We Baby-Friendly hospitals know that grown women can’t protect themselves from Similac and won’t take responsibility for their own decisions. I mean, we have “allowed” mothers and infants to remain together 24/7 after all. Mothers who make bad decisions…well, at least we made them sign something acknowledging their unfitness as mothers. Not to make them feel guilty or anything.
Along comes the Journal of the American Medical Association (JAMA), to save the day. In an article published in August, a meta-analysis found that such institutional implementation of breastfeeding policies don’t actually have the effect of increasing breastfeeding rates. http://jamanetwork.com/journals/jama/article-abstract/2571222#.WBjMUzJ8KfY
In contrast to evidence supporting individual-level interventions [which do work], the evidence review included nine fair- to good-quality studies evaluating the effectiveness of system-level primary care interventions to support breastfeeding and reported that there was no consistent association between system-level interventions and any beneficial outcomes.
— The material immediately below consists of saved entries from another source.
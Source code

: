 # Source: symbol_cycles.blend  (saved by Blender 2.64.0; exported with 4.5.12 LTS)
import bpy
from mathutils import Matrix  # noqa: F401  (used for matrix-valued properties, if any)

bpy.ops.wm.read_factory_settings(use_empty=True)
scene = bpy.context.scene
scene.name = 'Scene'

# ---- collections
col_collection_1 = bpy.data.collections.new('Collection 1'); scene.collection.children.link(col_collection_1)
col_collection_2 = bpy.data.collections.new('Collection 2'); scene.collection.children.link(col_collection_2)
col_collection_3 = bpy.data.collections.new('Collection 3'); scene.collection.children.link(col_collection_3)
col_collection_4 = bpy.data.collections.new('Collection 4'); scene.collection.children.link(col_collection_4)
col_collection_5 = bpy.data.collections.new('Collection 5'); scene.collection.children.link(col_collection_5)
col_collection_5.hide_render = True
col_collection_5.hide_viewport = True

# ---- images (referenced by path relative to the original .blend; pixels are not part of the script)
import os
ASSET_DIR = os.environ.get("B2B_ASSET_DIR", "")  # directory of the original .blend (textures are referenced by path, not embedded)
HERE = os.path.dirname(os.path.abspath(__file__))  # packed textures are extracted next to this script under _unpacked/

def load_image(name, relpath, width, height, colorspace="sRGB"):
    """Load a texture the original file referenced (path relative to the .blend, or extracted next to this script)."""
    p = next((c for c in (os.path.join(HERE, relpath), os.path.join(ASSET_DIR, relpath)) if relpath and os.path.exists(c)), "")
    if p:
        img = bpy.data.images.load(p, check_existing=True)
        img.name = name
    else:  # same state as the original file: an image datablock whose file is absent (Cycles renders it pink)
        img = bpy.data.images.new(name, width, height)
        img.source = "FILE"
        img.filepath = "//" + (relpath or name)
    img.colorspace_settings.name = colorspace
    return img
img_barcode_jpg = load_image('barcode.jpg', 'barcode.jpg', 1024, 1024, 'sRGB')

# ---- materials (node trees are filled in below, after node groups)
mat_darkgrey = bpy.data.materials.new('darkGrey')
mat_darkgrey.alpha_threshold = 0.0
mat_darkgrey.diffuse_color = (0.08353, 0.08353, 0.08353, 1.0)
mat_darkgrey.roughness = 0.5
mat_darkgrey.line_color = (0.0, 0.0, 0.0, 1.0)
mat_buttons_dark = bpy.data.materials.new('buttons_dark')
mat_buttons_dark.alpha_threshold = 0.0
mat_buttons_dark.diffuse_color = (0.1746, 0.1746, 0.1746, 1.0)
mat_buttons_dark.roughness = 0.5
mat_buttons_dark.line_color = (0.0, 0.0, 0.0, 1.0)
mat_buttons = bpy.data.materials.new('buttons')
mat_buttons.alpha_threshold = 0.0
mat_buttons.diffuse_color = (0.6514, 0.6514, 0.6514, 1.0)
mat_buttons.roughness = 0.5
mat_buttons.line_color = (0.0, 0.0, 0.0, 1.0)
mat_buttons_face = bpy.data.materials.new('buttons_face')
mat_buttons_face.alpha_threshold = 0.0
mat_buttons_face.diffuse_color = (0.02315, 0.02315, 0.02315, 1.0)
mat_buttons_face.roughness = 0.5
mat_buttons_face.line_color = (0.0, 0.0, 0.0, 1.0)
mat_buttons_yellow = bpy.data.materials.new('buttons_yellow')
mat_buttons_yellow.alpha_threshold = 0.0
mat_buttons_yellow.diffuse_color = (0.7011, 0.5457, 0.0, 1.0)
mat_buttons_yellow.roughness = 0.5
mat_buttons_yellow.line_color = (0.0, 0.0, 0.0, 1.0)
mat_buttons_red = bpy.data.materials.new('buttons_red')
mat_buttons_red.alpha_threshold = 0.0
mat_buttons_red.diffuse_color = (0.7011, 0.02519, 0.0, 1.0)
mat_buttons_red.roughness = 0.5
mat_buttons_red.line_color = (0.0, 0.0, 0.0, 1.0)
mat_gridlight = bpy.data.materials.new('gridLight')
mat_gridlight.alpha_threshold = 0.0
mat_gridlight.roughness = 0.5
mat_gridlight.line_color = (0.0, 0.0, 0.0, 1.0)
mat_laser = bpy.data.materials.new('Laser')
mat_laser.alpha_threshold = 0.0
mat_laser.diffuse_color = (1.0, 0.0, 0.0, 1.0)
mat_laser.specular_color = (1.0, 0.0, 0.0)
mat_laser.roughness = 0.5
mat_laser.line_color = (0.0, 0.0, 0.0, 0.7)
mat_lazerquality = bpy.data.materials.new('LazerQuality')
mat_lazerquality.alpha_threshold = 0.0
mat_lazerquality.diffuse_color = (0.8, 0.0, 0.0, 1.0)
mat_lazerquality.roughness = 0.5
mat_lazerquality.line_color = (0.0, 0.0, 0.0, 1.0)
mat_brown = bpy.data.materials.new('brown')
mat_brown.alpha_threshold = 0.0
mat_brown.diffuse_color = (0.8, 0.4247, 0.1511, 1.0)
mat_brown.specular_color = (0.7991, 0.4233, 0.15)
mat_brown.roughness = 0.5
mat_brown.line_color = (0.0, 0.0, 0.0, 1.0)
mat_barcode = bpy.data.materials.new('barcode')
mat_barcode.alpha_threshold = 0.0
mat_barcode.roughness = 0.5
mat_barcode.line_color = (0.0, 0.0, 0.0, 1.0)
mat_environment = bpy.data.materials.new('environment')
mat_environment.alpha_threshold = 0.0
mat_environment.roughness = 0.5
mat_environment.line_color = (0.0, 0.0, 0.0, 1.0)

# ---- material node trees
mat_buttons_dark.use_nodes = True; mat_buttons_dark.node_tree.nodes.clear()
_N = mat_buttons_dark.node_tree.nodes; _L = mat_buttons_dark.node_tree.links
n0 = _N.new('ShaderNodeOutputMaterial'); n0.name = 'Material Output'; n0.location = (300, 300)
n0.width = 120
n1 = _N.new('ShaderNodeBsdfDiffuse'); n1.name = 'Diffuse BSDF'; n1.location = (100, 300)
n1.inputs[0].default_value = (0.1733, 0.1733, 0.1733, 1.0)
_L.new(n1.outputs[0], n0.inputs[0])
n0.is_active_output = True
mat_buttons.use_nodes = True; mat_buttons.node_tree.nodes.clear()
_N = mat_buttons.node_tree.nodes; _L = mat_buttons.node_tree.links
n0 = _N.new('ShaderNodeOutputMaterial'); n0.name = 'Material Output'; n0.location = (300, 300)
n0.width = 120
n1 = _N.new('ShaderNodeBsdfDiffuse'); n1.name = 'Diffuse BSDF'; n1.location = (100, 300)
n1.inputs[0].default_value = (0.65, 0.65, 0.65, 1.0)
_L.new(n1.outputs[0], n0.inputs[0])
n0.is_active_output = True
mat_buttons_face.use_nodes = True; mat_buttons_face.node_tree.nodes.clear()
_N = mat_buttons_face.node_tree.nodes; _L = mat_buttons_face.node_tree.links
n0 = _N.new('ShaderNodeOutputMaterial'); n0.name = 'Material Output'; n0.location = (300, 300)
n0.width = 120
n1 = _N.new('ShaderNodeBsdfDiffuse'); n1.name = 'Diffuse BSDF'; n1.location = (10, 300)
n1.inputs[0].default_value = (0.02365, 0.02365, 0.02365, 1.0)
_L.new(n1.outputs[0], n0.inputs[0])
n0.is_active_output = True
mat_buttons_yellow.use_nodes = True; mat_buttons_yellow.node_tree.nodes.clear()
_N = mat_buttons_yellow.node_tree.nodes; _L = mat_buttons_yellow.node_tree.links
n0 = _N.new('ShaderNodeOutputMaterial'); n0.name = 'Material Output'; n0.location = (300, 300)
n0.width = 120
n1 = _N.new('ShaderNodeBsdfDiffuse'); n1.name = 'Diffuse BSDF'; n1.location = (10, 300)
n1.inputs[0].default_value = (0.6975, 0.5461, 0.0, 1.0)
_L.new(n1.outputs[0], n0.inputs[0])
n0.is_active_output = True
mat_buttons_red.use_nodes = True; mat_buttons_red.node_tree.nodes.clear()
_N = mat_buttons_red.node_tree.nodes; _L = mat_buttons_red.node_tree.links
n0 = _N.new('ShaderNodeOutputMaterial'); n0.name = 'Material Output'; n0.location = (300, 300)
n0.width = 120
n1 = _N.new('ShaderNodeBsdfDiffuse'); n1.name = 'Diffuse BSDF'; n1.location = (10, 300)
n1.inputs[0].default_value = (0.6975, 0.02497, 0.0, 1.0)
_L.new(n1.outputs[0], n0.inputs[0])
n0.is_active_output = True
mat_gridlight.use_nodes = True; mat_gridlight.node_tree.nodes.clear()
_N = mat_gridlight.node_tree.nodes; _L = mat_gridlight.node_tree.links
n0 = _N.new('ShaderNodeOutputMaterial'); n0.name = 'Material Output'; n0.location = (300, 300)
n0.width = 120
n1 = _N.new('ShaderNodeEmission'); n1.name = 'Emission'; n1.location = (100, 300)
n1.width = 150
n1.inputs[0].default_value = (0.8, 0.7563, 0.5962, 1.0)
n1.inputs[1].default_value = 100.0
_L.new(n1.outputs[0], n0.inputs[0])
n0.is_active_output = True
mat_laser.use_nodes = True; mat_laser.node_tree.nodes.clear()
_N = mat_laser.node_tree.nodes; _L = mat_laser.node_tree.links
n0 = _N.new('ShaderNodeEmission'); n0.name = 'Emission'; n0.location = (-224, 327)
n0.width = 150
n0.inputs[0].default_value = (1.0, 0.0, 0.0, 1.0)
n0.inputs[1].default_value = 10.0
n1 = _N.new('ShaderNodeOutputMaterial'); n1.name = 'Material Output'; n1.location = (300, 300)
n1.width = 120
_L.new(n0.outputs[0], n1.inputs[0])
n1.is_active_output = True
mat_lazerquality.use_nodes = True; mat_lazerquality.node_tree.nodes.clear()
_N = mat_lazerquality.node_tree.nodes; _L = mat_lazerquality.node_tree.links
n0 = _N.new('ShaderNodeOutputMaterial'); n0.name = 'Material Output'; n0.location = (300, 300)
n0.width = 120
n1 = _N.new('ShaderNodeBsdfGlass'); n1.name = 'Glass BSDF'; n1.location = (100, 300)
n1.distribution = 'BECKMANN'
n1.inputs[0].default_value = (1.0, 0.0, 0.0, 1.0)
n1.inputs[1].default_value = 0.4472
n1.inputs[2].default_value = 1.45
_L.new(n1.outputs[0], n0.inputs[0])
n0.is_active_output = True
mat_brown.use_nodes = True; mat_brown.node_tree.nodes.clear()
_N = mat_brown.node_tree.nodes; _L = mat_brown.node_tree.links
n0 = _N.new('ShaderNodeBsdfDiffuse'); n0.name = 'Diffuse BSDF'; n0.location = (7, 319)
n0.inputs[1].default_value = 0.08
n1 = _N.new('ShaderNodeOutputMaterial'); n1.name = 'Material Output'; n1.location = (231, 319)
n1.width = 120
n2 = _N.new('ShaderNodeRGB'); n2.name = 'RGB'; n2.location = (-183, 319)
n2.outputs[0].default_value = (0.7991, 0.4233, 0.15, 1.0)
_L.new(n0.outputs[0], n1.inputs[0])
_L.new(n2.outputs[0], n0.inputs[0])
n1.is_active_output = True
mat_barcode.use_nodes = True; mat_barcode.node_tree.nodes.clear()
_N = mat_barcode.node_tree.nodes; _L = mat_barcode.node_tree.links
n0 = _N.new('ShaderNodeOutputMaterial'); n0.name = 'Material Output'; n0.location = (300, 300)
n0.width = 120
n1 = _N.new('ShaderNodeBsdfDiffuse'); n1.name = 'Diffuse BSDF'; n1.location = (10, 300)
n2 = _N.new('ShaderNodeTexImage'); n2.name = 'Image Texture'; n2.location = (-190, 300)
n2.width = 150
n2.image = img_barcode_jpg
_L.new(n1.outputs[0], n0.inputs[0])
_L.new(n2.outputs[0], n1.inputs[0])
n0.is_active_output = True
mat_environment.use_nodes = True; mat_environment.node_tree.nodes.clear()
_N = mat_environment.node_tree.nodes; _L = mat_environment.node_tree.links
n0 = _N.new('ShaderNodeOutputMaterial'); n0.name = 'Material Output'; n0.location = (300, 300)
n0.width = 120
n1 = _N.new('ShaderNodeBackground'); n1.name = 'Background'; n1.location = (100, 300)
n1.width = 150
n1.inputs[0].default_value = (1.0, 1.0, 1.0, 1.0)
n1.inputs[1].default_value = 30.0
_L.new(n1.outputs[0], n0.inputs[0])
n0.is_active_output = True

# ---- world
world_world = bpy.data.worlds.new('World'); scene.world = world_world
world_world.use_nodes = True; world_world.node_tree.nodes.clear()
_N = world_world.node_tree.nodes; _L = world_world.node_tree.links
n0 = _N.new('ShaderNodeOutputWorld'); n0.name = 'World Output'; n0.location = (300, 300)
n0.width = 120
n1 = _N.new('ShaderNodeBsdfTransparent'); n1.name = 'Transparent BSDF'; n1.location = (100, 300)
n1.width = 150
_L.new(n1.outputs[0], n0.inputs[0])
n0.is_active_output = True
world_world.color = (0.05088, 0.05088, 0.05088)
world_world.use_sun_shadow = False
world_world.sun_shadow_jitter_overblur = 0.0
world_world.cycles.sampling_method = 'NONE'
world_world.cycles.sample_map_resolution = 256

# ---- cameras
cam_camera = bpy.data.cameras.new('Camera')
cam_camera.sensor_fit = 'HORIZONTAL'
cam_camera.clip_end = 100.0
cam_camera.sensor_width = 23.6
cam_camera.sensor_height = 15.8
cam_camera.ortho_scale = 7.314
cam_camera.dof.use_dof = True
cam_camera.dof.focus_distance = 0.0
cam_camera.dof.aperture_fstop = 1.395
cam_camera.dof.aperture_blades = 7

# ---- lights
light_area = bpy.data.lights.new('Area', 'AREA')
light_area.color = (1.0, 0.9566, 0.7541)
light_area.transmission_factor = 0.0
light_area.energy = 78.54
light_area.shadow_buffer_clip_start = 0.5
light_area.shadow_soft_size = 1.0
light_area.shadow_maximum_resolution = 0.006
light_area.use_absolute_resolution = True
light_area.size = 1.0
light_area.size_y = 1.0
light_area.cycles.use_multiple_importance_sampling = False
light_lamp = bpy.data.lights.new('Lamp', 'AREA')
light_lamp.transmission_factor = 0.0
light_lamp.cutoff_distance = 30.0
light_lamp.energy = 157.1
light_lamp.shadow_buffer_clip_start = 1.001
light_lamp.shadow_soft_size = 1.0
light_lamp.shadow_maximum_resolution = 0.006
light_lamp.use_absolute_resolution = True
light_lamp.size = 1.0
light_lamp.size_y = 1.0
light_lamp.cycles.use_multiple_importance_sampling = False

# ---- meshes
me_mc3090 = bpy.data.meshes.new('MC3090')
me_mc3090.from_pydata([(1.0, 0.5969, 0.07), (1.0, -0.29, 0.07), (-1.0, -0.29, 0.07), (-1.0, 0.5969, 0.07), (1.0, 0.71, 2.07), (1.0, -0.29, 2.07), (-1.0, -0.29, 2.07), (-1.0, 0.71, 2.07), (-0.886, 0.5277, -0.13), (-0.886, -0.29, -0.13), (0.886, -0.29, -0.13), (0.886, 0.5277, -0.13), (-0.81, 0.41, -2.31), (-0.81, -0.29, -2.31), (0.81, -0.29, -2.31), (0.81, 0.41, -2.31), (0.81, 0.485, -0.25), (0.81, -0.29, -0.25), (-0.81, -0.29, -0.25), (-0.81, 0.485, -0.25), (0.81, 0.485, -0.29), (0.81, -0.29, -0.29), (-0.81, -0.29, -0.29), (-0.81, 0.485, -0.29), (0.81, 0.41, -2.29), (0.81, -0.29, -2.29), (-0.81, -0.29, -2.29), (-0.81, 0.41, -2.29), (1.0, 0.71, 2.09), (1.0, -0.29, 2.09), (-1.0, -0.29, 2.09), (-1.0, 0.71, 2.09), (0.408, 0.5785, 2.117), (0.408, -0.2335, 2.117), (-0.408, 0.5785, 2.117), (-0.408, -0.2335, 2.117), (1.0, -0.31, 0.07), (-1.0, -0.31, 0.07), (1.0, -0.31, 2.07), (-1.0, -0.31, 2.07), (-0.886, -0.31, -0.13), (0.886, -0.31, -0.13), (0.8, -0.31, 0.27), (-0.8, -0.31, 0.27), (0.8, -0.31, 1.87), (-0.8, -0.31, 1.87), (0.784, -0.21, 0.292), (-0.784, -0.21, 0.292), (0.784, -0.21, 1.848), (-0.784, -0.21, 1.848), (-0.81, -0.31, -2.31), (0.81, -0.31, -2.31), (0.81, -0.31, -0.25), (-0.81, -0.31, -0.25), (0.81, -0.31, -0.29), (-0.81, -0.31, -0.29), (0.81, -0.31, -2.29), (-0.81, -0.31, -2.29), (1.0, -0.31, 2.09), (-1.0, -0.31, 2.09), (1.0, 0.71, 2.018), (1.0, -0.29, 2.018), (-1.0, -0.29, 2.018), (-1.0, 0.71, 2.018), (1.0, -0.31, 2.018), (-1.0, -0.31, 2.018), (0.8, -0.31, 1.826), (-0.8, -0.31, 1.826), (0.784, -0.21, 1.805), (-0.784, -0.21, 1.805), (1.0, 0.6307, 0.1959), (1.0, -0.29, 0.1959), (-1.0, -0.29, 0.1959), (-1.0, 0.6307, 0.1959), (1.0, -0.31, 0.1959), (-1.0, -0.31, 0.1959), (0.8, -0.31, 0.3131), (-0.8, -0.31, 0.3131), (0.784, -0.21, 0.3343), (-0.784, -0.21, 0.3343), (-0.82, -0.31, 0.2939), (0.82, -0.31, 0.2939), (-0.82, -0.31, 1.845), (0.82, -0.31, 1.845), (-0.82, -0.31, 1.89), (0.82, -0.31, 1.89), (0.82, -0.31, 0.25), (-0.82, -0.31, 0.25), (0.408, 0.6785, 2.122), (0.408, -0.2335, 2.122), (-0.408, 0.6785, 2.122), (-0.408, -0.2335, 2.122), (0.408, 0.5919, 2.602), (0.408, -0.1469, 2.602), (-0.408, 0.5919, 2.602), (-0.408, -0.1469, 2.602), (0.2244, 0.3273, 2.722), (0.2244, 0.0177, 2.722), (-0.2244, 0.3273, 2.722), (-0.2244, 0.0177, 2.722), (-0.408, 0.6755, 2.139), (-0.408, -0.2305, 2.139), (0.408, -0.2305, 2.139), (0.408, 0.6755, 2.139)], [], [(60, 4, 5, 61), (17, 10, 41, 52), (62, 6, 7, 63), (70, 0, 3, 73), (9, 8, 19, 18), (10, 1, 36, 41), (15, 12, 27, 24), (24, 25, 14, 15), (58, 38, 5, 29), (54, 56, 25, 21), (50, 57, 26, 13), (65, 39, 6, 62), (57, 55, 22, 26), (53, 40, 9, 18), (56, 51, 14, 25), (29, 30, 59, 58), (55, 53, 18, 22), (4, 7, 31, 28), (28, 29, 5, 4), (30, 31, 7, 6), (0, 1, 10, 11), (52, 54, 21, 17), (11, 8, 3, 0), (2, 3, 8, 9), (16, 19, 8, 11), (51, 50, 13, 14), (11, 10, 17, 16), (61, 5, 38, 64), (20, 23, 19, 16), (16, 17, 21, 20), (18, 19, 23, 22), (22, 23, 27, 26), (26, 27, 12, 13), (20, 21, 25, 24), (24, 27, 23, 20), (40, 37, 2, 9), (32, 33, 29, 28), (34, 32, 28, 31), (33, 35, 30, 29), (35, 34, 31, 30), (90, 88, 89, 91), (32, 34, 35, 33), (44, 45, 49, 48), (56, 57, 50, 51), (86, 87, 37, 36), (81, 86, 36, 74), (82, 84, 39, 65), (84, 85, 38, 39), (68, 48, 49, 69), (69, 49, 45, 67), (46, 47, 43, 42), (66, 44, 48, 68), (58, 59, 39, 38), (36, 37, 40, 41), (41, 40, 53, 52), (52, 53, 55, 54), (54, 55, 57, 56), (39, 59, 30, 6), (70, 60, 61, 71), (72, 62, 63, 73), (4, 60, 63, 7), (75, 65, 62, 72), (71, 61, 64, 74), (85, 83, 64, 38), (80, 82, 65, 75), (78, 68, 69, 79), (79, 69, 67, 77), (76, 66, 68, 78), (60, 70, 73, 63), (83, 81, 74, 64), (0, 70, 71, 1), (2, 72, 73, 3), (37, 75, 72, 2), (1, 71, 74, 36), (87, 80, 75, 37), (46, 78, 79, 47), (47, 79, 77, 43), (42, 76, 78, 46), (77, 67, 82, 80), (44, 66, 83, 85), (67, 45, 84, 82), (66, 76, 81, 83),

Well, when the Baby Friendly folks got wind of this, they struck back with a two-page statement that started with accusing the JAMA article of being “filled with comments not supported by research”. They cited research to support their side (R. Pérez‐Escamilla, J. Martinez and S. Segura‐Pérez, “Impact of the Baby‐friendly Hospital Initiative on Breastfeeding and Child Health Outcomes: A Systematic Review. doi: /mcn.12294.,” Maternal Child Nutrition, 2016) and published an opinion paper in the October issue of JAMA laying out their evidence.
A recent meta-analysis of studies evaluating the BFHI found that the implementation of the BFHI increased exclusive breastfeeding by 49% and any breastfeeding by 66%. (http://jamanetwork.com/journals/jamapediatrics/article-abstract/2546143)
Well, sure, if you bully and guilt women into it. And who is right about such initiatives anyway? The people that think it helps, or the people that don’t? Who the F@#$!% cares? You know who is right? The mother is. Each individual woman, the adult, thinking being attached to the breasts and producer of the milk in question, decides what to do for herself and her baby. And she’s right.